What do these data add to the existing literature? This study is the first to report COVID-19-related outcomes in patients with rheumatic diseases from South Korea and indicates an increased risk of testing positive for SARS-CoV-2, severe COVID-19 outcomes, and COVID-19-related death compared with the general South Korean population. Absolute comparisons with cohorts from different parts of the world are difficult to make due to differences in study designs. However, potential future meta-analyses might include these data for pooled analyses. This is relevant, as non-White ethnicity has been associated with a higher risk of COVID-19-related hospitalisation and mortality in previous studies. An important factor to take into consideration when reading the study by Shin and colleagues is the timing of patient enrolment into the presented cohort, in that these patients were treated before any of the results on effective treatments (including dexamethasone) were published from the major COVID-19 studies. The standard of care at the beginning of the pandemic compared with now has considerably changed, adding yet another variable into the equation and making comparisons between cohorts even more difficult.

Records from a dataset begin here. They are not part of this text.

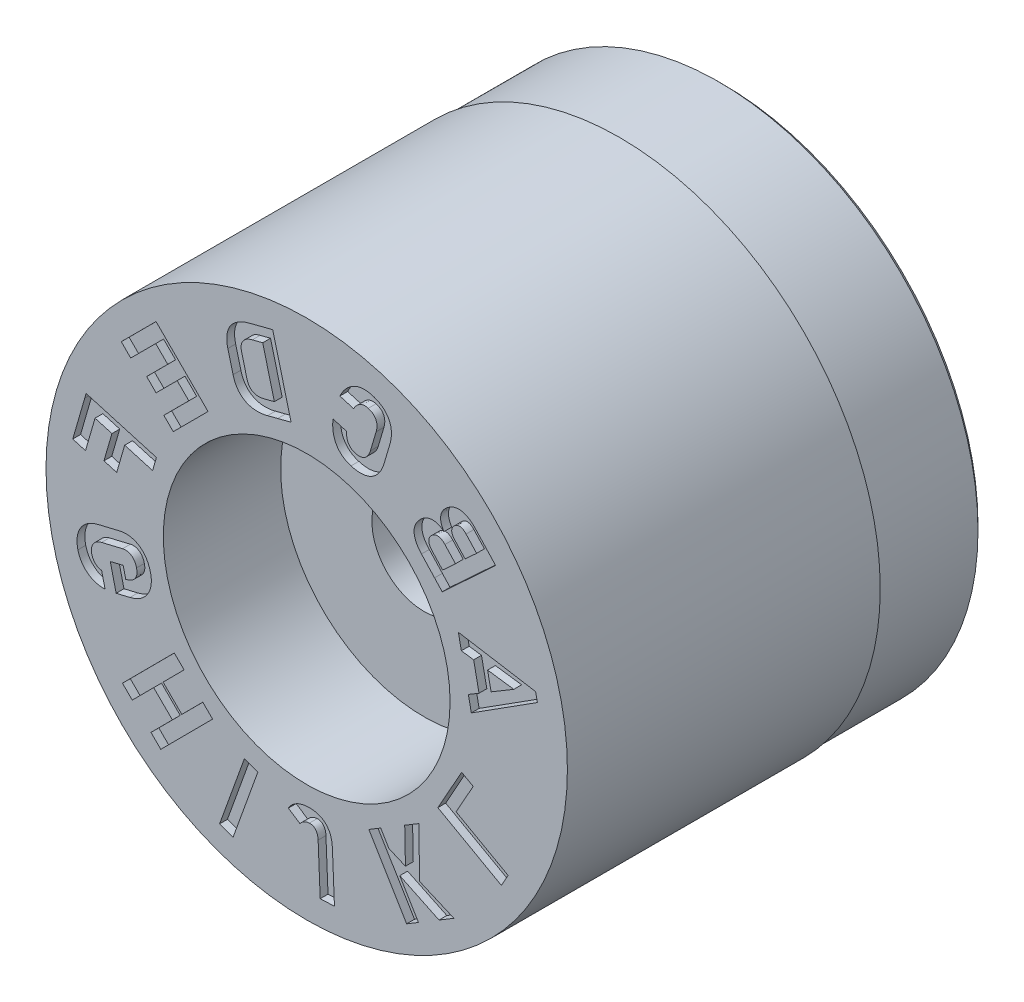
from build123d import *

# Parameters (mm, degrees)
SKETCH4_W          = 4
SKETCH4_H          = 1
CUT_EXTRUDE1_DEPTH = 0.3


with BuildPart() as part:
    # Sketch1 → Revolve1 (revolve)
    with BuildSketch(Plane(origin=(0, 0, 0), x_dir=(0, 0, -1), z_dir=(1, 0, 0)), mode=Mode.PRIVATE) as revolve1_sk:
        Polygon((0, 10), (0, 5.5), (4.5, 5.5), (4.5, 2), (16, 2), (16, 9.75), (15.75, 10), align=None)
    revolve(revolve1_sk.sketch.rotate(Axis((0, 0, 3.797909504), (0, 0, -1)), 90), axis=Axis((0, 0, 3.797909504), (0, 0, -1)))

    # Sketch4 → Cut-Revolve1 (revolve, cut)
    with BuildSketch(Plane(origin=(0, 0, 0), x_dir=(0, 0, -1), z_dir=(1, 0, 0)), mode=Mode.PRIVATE) as cut_revolve1_sk:
        with Locations((14, 10.435)):
            Rectangle(SKETCH4_W, SKETCH4_H)
    revolve(cut_revolve1_sk.sketch.rotate(Axis((0, 0, 0), (0, 0, -1)), 90), axis=Axis((0, 0, 0), (0, 0, -1)), mode=Mode.SUBTRACT)

    # Sketch6 → Cut-Extrude1 (cut)
    # profile 1 of 12: a face of its own
    with BuildSketch(Plane.XY):
        Polygon((6.404477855, 1.847011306), (6.609848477, 0.839738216), (6.200731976, 0.595250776), (6.314894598, 0.037769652), (8.848877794, 1.650142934), (8.781618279, 1.978831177), (5.818132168, 2.468982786), (5.93229479, 1.911501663), align=None)
        Polygon((7.072962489, 1.116494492), (6.938901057, 1.774020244), (7.943617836, 1.63679689), align=None, mode=Mode.SUBTRACT)
    # profile 2 of 12: a face of its own
    with BuildSketch(Plane.XY):
        with BuildLine():
            Line((4.38152409, 5.511607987), (4.37780413, 5.507888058))
            add(Edge.make_bspline(
                [(4.37780413, 5.507888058), (4.322593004, 5.457409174), (4.24977349, 5.374660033), (4.17849168, 5.250523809), (4.142597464, 5.156318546), (4.120741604, 5.060003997), (4.116040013, 4.961475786), (4.125586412, 4.861571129), (4.151076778, 4.760449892), (4.191843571, 4.659135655), (4.269232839, 4.520351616), (4.344695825, 4.423252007), (4.402394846, 4.361970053)],
                knots=[0, 0, 0, 0, 0.172445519, 0.251873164, 0.328716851, 0.403983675, 0.478532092, 0.555075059, 0.634512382, 0.718035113, 0.806069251, 1, 1, 1, 1], degree=3))
            Line((4.402394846, 4.361970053), (4.904738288, 3.819253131))
            Line((4.904738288, 3.819253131), (5.198153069, 3.502397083))
            Line((5.198153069, 3.502397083), (7.246974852, 5.399341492))
            Line((7.246974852, 5.399341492), (6.473404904, 6.234887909))
            add(Edge.make_bspline(
                [(6.473404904, 6.234887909), (6.416398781, 6.296534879), (6.32635052, 6.380174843), (6.193568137, 6.467168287), (6.09569988, 6.515008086), (5.997511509, 6.54845952), (5.899090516, 6.566082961), (5.800867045, 6.567973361), (5.70360964, 6.553739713), (5.607486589, 6.52538658), (5.479228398, 6.464373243), (5.392003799, 6.398255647), (5.33750943, 6.348022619)],
                knots=[0, 0, 0, 0, 0.19451309, 0.282787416, 0.366596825, 0.446050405, 0.522153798, 0.597136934, 0.672452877, 0.748829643, 0.828294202, 1, 1, 1, 1], degree=3))
            add(Edge.make_bspline(
                [(5.33750943, 6.348022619), (5.300256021, 6.312411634), (5.247978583, 6.256304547), (5.196857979, 6.170328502), (5.167367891, 6.105113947), (5.147924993, 6.037403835), (5.137310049, 5.968192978), (5.136086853, 5.897324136), (5.143653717, 5.82518917), (5.160978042, 5.752444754), (5.195392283, 5.652398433), (5.235317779, 5.581389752), (5.265251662, 5.5351932)],
                knots=[0, 0, 0, 0, 0.172669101, 0.253653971, 0.333238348, 0.41112289, 0.488218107, 0.566498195, 0.647255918, 0.729849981, 0.815785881, 1, 1, 1, 1], degree=3))
            add(Edge.make_bspline(
                [(5.265251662, 5.5351932), (5.220637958, 5.57335804), (5.148485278, 5.620882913), (5.045936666, 5.668088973), (4.969411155, 5.691586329), (4.892567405, 5.705294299), (4.816036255, 5.708046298), (4.739903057, 5.701674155), (4.664834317, 5.68325869), (4.590901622, 5.655789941), (4.492119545, 5.603634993), (4.424193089, 5.551306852), (4.38152409, 5.511607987)],
                knots=[0, 0, 0, 0, 0.179771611, 0.263567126, 0.345522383, 0.424654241, 0.502309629, 0.579813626, 0.658234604, 0.738636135, 0.82120181, 1, 1, 1, 1], degree=3))
        make_face()
        with BuildLine():
            add(Edge.make_bspline(
                [(5.67352623, 5.471164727), (5.640400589, 5.506892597), (5.597476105, 5.564144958), (5.567569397, 5.650178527), (5.559714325, 5.711658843), (5.566595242, 5.772453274), (5.59720197, 5.852682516), (5.638403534, 5.904880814), (5.671996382, 5.93484485)],
                knots=[0, 0, 0, 0, 0.278817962, 0.399136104, 0.515115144, 0.628924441, 0.74378033, 1, 1, 1, 1], degree=3))
            add(Edge.make_bspline(
                [(5.671996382, 5.93484485), (5.701647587, 5.96308261), (5.752879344, 5.99582003), (5.829626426, 6.015188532), (5.887297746, 6.013518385), (5.945632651, 5.999573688), (6.027217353, 5.961278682), (6.079071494, 5.912548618), (6.112875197, 5.878037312)],
                knots=[0, 0, 0, 0, 0.243701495, 0.354494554, 0.466945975, 0.58400697, 0.709939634, 1, 1, 1, 1], degree=3))
            Line((6.112875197, 5.878037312), (6.517684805, 5.44057252))
            Line((6.517684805, 5.44057252), (6.078289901, 5.033749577))
            Line((6.078289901, 5.033749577), (5.67352623, 5.471164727))
        make_face(mode=Mode.SUBTRACT)
        with BuildLine():
            Line((4.795005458, 5.173047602), (4.79929435, 5.176723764))
            add(Edge.make_bspline(
                [(4.79929435, 5.176723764), (4.823498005, 5.199018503), (4.862020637, 5.228544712), (4.918995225, 5.255287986), (4.96137553, 5.26831779), (5.004546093, 5.274233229), (5.047935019, 5.273206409), (5.091337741, 5.265162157), (5.13452787, 5.249990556), (5.177629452, 5.228779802), (5.236622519, 5.190999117), (5.275840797, 5.153399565), (5.301355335, 5.12665564)],
                knots=[0, 0, 0, 0, 0.172626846, 0.251574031, 0.328522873, 0.403934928, 0.478745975, 0.554865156, 0.634107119, 0.717711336, 0.805951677, 1, 1, 1, 1], degree=3))
            Line((5.301355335, 5.12665564), (5.706155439, 4.689201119))
            Line((5.706155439, 4.689201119), (5.213131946, 4.232725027))
            Line((5.213131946, 4.232725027), (4.808395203, 4.670111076))
            add(Edge.make_bspline(
                [(4.808395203, 4.670111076), (4.771903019, 4.709520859), (4.724423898, 4.772309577), (4.689364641, 4.866166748), (4.679557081, 4.933141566), (4.685797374, 4.998759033), (4.715438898, 5.085437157), (4.759700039, 5.141141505), (4.795005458, 5.173047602)],
                knots=[0, 0, 0, 0, 0.283314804, 0.406293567, 0.522920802, 0.635859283, 0.749287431, 1, 1, 1, 1], degree=3))
        make_face(mode=Mode.SUBTRACT)
    # profile 3 of 12: a face of its own
    with BuildSketch(Plane.XY):
        with BuildLine():
            Line((1.534596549, 6.998101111), (1.007972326, 7.153484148))
            add(Edge.make_bspline(
                [(1.007972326, 7.153484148), (0.996535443, 7.055932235), (0.991124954, 6.911630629), (1.010566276, 6.724926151), (1.039026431, 6.596927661), (1.079156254, 6.477678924), (1.131896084, 6.36788243), (1.19816483, 6.268445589), (1.275653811, 6.17864698), (1.365079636, 6.099545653), (1.502017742, 6.008941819), (1.617595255, 5.960564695), (1.698454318, 5.937178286)],
                knots=[0, 0, 0, 0, 0.19185114, 0.280863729, 0.365986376, 0.447454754, 0.526148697, 0.60318324, 0.680196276, 0.75722813, 0.835631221, 1, 1, 1, 1], degree=3))
            add(Edge.make_bspline(
                [(1.698454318, 5.937178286), (1.747878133, 5.922108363), (1.822165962, 5.904931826), (1.920795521, 5.888800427), (1.991782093, 5.881749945), (2.061237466, 5.87907971), (2.129031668, 5.881508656), (2.195223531, 5.887648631), (2.259518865, 5.898547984), (2.321805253, 5.91414384), (2.382272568, 5.933498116), (2.440239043, 5.957967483), (2.495486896, 5.987237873), (2.549377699, 6.019100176), (2.600577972, 6.056325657), (2.649036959, 6.098324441), (2.695799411, 6.143809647), (2.73942714, 6.19403229), (2.781030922, 6.247671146), (2.81967488, 6.305551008), (2.855478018, 6.367488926), (2.888627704, 6.433423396), (2.929187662, 6.528567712), (2.955647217, 6.602767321), (2.970564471, 6.654110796)],
                knots=[0, 0, 0, 0, 0.093296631, 0.137613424, 0.18049716, 0.222108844, 0.263102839, 0.302982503, 0.342144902, 0.380803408, 0.418912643, 0.456755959, 0.494311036, 0.531814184, 0.56978836, 0.608500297, 0.64760384, 0.687556, 0.728597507, 0.770187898, 0.81319677, 0.857791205, 0.903443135, 1, 1, 1, 1], degree=3))
            Line((2.970564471, 6.654110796), (3.189011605, 7.394056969))
            add(Edge.make_bspline(
                [(3.189011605, 7.394056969), (3.203489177, 7.445576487), (3.223414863, 7.522006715), (3.24019266, 7.624037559), (3.24819382, 7.697231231), (3.25116661, 7.768693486), (3.251087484, 7.838251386), (3.24556282, 7.905933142), (3.235519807, 7.971482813), (3.221585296, 8.035244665), (3.202937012, 8.096606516), (3.180311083, 8.15592353), (3.153243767, 8.212581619), (3.122159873, 8.266959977), (3.086402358, 8.318670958), (3.046437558, 8.367999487), (3.002803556, 8.415529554), (2.954864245, 8.459854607), (2.903053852, 8.501571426), (2.847219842, 8.540233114), (2.787526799, 8.576036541), (2.724055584, 8.608768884), (2.632674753, 8.649108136), (2.560654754, 8.674178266), (2.511006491, 8.688574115)],
                knots=[0, 0, 0, 0, 0.096695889, 0.142383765, 0.186623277, 0.229569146, 0.271486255, 0.312156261, 0.352061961, 0.391165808, 0.429912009, 0.467766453, 0.505704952, 0.543188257, 0.580759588, 0.619101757, 0.657756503, 0.697172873, 0.736887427, 0.777784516, 0.819711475, 0.86250185, 0.906661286, 1, 1, 1, 1], degree=3))
            add(Edge.make_bspline(
                [(2.511006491, 8.688574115), (2.430265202, 8.712287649), (2.306944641, 8.735153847), (2.142570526, 8.733345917), (2.024370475, 8.71561841), (1.910024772, 8.683333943), (1.800170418, 8.635533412), (1.695982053, 8.571857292), (1.596757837, 8.494222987), (1.504088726, 8.401738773), (1.386094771, 8.256364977), (1.314159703, 8.131303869), (1.270935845, 8.043330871)],
                knots=[0, 0, 0, 0, 0.164412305, 0.242917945, 0.320040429, 0.397162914, 0.474329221, 0.553242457, 0.635005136, 0.719817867, 0.808383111, 1, 1, 1, 1], degree=3))
            Line((1.270935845, 8.043330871), (1.797560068, 7.887947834))
            add(Edge.make_bspline(
                [(1.797560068, 7.887947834), (1.819207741, 7.927272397), (1.854810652, 7.98290904), (1.911492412, 8.047308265), (1.954958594, 8.08872837), (2.00078406, 8.123654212), (2.047871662, 8.153164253), (2.097673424, 8.174156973), (2.148374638, 8.190027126), (2.200635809, 8.198603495), (2.272402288, 8.201569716), (2.32608748, 8.190761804), (2.361046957, 8.180863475)],
                knots=[0, 0, 0, 0, 0.195070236, 0.285228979, 0.371952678, 0.455275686, 0.535053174, 0.612466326, 0.689229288, 0.765219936, 0.841733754, 1, 1, 1, 1], degree=3))
            add(Edge.make_bspline(
                [(2.361046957, 8.180863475), (2.405269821, 8.167558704), (2.468605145, 8.142725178), (2.541966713, 8.093830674), (2.5875591, 8.052056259), (2.625475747, 8.005110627), (2.655803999, 7.953079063), (2.677251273, 7.895809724), (2.691354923, 7.834008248), (2.697120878, 7.767918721), (2.692809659, 7.671674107), (2.676794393, 7.598820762), (2.66269698, 7.549919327)],
                knots=[0, 0, 0, 0, 0.174669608, 0.254393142, 0.331602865, 0.407223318, 0.481411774, 0.557967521, 0.637188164, 0.720073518, 0.807639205, 1, 1, 1, 1], degree=3))
            Line((2.66269698, 7.549919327), (2.444249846, 6.809973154))
            add(Edge.make_bspline(
                [(2.444249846, 6.809973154), (2.429299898, 6.761259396), (2.403357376, 6.691315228), (2.353908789, 6.608704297), (2.313577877, 6.556496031), (2.268946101, 6.51180613), (2.219079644, 6.477016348), (2.166390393, 6.448672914), (2.108866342, 6.430421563), (2.047988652, 6.420834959), (1.959844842, 6.419123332), (1.893124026, 6.432705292), (1.84872345, 6.445368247)],
                knots=[0, 0, 0, 0, 0.193100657, 0.280209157, 0.363265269, 0.442165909, 0.518056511, 0.59248688, 0.667664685, 0.745105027, 0.824928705, 1, 1, 1, 1], degree=3))
            add(Edge.make_bspline(
                [(1.84872345, 6.445368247), (1.813486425, 6.456655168), (1.76194486, 6.476914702), (1.701969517, 6.517752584), (1.662303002, 6.552881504), (1.627483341, 6.593307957), (1.597587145, 6.638297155), (1.573254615, 6.688170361), (1.553724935, 6.742215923), (1.540077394, 6.800877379), (1.529205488, 6.886554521), (1.530533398, 6.953043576), (1.534596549, 6.998101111)],
                knots=[0, 0, 0, 0, 0.160269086, 0.23668427, 0.312318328, 0.388485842, 0.466474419, 0.544946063, 0.627589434, 0.714157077, 0.804508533, 1, 1, 1, 1], degree=3))
        make_face()
    # profile 4 of 12: a face of its own
    with BuildSketch(Plane.XY):
        with BuildLine():
            Line((-1.49850105, 6.005661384), (-1.112724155, 6.105355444))
            Line((-1.112724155, 6.105355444), (-1.112685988, 6.105207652))
            Line((-1.112685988, 6.105207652), (-0.599799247, 6.23795644))
            Line((-0.599799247, 6.23795644), (-1.302913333, 8.96061737))
            Line((-1.302913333, 8.96061737), (-2.20338909, 8.72799204))
            add(Edge.make_bspline(
                [(-2.20338909, 8.72799204), (-2.258246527, 8.714039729), (-2.338112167, 8.689960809), (-2.439983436, 8.650351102), (-2.511178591, 8.618976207), (-2.578352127, 8.58450428), (-2.641303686, 8.546805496), (-2.700686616, 8.50718106), (-2.75541499, 8.464124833), (-2.806416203, 8.419354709), (-2.852391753, 8.371250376), (-2.894780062, 8.321578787), (-2.931590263, 8.268581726), (-2.96470348, 8.214094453), (-2.992885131, 8.15686171), (-3.016640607, 8.097435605), (-3.03598534, 8.035639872), (-3.05110564, 7.971887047), (-3.060735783, 7.90614679), (-3.067034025, 7.83863409), (-3.067161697, 7.769191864), (-3.063828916, 7.698042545), (-3.05269526, 7.599091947), (-3.036378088, 7.524952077), (-3.024027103, 7.475039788)],
                knots=[0, 0, 0, 0, 0.099691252, 0.146684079, 0.192416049, 0.236651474, 0.279547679, 0.321579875, 0.362276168, 0.40209594, 0.440981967, 0.479364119, 0.516966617, 0.554483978, 0.591557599, 0.62917203, 0.667080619, 0.705497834, 0.744424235, 0.784000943, 0.824800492, 0.86659578, 0.909393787, 1, 1, 1, 1], degree=3))
            Line((-3.024027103, 7.475039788), (-2.825211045, 6.703908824))
            add(Edge.make_bspline(
                [(-2.825211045, 6.703908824), (-2.812347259, 6.656553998), (-2.791298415, 6.586845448), (-2.754490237, 6.498649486), (-2.724840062, 6.436253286), (-2.69162602, 6.377495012), (-2.655122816, 6.32206478), (-2.615163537, 6.270390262), (-2.572674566, 6.221455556), (-2.5268345, 6.176378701), (-2.477987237, 6.13536191), (-2.426040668, 6.098552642), (-2.371082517, 6.065597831), (-2.313338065, 6.036235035), (-2.252229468, 6.011784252), (-2.188370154, 5.99100048), (-2.121627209, 5.973726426), (-2.052072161, 5.961603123), (-1.980021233, 5.953355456), (-1.905631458, 5.950834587), (-1.828685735, 5.951790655), (-1.749527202, 5.958028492), (-1.638550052, 5.973647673), (-1.554656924, 5.990455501), (-1.49850105, 6.005661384)],
                knots=[0, 0, 0, 0, 0.086582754, 0.128100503, 0.168414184, 0.208325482, 0.247011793, 0.285335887, 0.323422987, 0.36120022, 0.398570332, 0.435771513, 0.473335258, 0.511474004, 0.549867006, 0.589259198, 0.629828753, 0.671312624, 0.713652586, 0.757595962, 0.802457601, 0.849282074, 0.89748781, 1, 1, 1, 1], degree=3))
        make_face()
        with BuildLine():
            Line((-1.688216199, 8.33382695), (-1.240352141, 6.599567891))
            Line((-1.240352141, 6.599567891), (-1.63925886, 6.496500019))
            add(Edge.make_bspline(
                [(-1.63925886, 6.496500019), (-1.679135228, 6.485719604), (-1.738398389, 6.47466863), (-1.816344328, 6.468434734), (-1.870658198, 6.468045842), (-1.922449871, 6.473572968), (-1.97197746, 6.48260668), (-2.018472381, 6.497578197), (-2.062692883, 6.516120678), (-2.10309917, 6.540404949), (-2.141165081, 6.567666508), (-2.17465311, 6.600694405), (-2.20562074, 6.636980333), (-2.23207294, 6.67821469), (-2.263279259, 6.740135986), (-2.281393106, 6.790238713), (-2.289892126, 6.825599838)],
                knots=[0, 0, 0, 0, 0.149537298, 0.217661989, 0.283028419, 0.345893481, 0.406043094, 0.464997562, 0.522452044, 0.579275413, 0.635371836, 0.691586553, 0.749135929, 0.807832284, 0.868484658, 1, 1, 1, 1], degree=3))
            Line((-2.289892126, 6.825599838), (-2.496649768, 7.627556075))
            add(Edge.make_bspline(
                [(-2.496649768, 7.627556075), (-2.505722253, 7.662609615), (-2.51579455, 7.715124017), (-2.517744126, 7.784604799), (-2.513913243, 7.833474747), (-2.505138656, 7.880358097), (-2.491491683, 7.925319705), (-2.472506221, 7.968312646), (-2.447477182, 8.008507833), (-2.418739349, 8.046926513), (-2.3846638, 8.082044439), (-2.346329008, 8.114244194), (-2.303605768, 8.143958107), (-2.255817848, 8.170027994), (-2.184474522, 8.202310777), (-2.127063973, 8.220979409), (-2.087136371, 8.230755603)],
                knots=[0, 0, 0, 0, 0.131188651, 0.192463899, 0.251082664, 0.308289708, 0.364767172, 0.420806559, 0.477847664, 0.535795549, 0.59415501, 0.654506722, 0.716775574, 0.782177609, 0.851241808, 1, 1, 1, 1], degree=3))
            Line((-2.087136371, 8.230755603), (-1.688216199, 8.33382695))
        make_face(mode=Mode.SUBTRACT)
    # profile 5 of 12: a face of its own
    with BuildSketch(Plane.XY):
        Polygon((-7.112818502, 5.656449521), (-6.750042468, 5.294546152), (-5.791214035, 6.255056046), (-5.330591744, 5.795278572), (-6.138625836, 4.985830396), (-5.77699261, 4.624494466), (-4.968775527, 5.434125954), (-4.521288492, 4.987459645), (-5.480323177, 4.026743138), (-5.11811934, 3.665408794), (-3.784309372, 5.00150293), (-5.779008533, 6.992543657), align=None)
    # profile 6 of 12: a face of its own
    with BuildSketch(Plane.XY):
        Polygon((6.386567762, -2.366571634), (5.943776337, -2.118917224), (5.030383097, -3.750892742), (7.467118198, -5.114151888), (7.724093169, -4.654919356), (5.730188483, -3.539406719), align=None)
    # profile 7 of 12: a face of its own
    with BuildSketch(Plane.XY):
        Polygon((4.298696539, -4.646190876), (3.759502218, -4.9703581), (3.78772824, -6.31853237), (3.153188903, -6.045693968), (2.83941856, -5.523807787), (2.384959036, -5.796713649), (3.834640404, -8.207931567), (4.289099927, -7.935025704), (3.57041047, -6.739647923), (5.075223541, -7.462255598), (5.647581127, -7.118229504), (4.332685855, -6.552852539), align=None)
    # profile 8 of 12: a face of its own
    with BuildSketch(Plane.XY):
        with BuildLine():
            Line((1.064460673, -9.009024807), (0.985081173, -7.098566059))
            add(Edge.make_bspline(
                [(0.985081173, -7.098566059), (0.982426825, -7.051877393), (0.977719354, -6.982949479), (0.962296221, -6.893738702), (0.947748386, -6.83078403), (0.93089211, -6.770365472), (0.910678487, -6.712650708), (0.886466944, -6.658221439), (0.851317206, -6.589712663), (0.799623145, -6.510750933), (0.724487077, -6.428404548), (0.638600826, -6.357932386), (0.557630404, -6.311654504), (0.48814231, -6.281179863), (0.433315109, -6.260828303), (0.375640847, -6.245469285), (0.315746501, -6.232533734), (0.25343657, -6.222743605), (0.165434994, -6.215898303), (0.098305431, -6.214677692), (0.052847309, -6.216996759)],
                knots=[0, 0, 0, 0, 0.096260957, 0.141810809, 0.186072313, 0.229115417, 0.270772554, 0.31172379, 0.351538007, 0.429095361, 0.504996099, 0.579976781, 0.656704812, 0.695920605, 0.73600492, 0.7768495, 0.818556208, 0.862015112, 0.906457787, 1, 1, 1, 1], degree=3))
            add(Edge.make_bspline(
                [(0.052847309, -6.216996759), (-0.028822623, -6.220817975), (-0.149163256, -6.23636485), (-0.299738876, -6.285938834), (-0.402367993, -6.333875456), (-0.495555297, -6.392844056), (-0.603948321, -6.486102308), (-0.669564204, -6.57043819), (-0.703107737, -6.632511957)],
                knots=[0, 0, 0, 0, 0.272275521, 0.400402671, 0.525908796, 0.648158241, 0.765974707, 1, 1, 1, 1], degree=3))
            Line((-0.703107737, -6.632511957), (-0.258573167, -6.928516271))
            add(Edge.make_bspline(
                [(-0.258573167, -6.928516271), (-0.237371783, -6.89879442), (-0.201190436, -6.857698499), (-0.144441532, -6.812651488), (-0.098804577, -6.784191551), (-0.050462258, -6.761498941), (0.015922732, -6.737824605), (0.068276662, -6.730142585), (0.103130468, -6.728135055)],
                knots=[0, 0, 0, 0, 0.256042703, 0.381066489, 0.506919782, 0.632263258, 0.754859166, 1, 1, 1, 1], degree=3))
            add(Edge.make_bspline(
                [(0.103130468, -6.728135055), (0.148938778, -6.725987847), (0.218089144, -6.734679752), (0.296905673, -6.778944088), (0.34537727, -6.825264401), (0.384046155, -6.884016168), (0.425569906, -6.982226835), (0.435243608, -7.066069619), (0.438059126, -7.123798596)],
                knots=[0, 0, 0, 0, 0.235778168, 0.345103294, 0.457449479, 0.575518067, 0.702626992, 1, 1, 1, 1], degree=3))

At the beginning of the pandemic, there was a concern among rheumatologists globally that patients with rheumatic diseases might be at particular risk for increased morbidity and mortality related to COVID-19. 15 months into the pandemic, the published data consistently show that the main drivers for adverse clinical outcomes in the general population and in patients with rheumatic diseases are age, male sex, and comorbidities such as cardiovascular disease. The main questions that arises from these data from South Korea is whether and to what degree patients with rheumatic diseases treated with DMARDs will respond to the available vaccinations. Emerging data suggest that patients with rheumatic and muskuloskeletal diseases treated with conventional or biological DMARDs exert an immune response to COVID-19 vaccines; however, further data on larger cohorts are urgently needed to identify whether and to which extent the individual rheumatic and muskuloskeletal diseases, and their associated treatments, affect the immune response to the individual COVID-19 vaccines. There is work ahead for the rheumatology community.

KS has received speakers' fees from UCB. OH reports speakers' fees from AbbVie, Pfizer, and Novartis, outside the submitted work.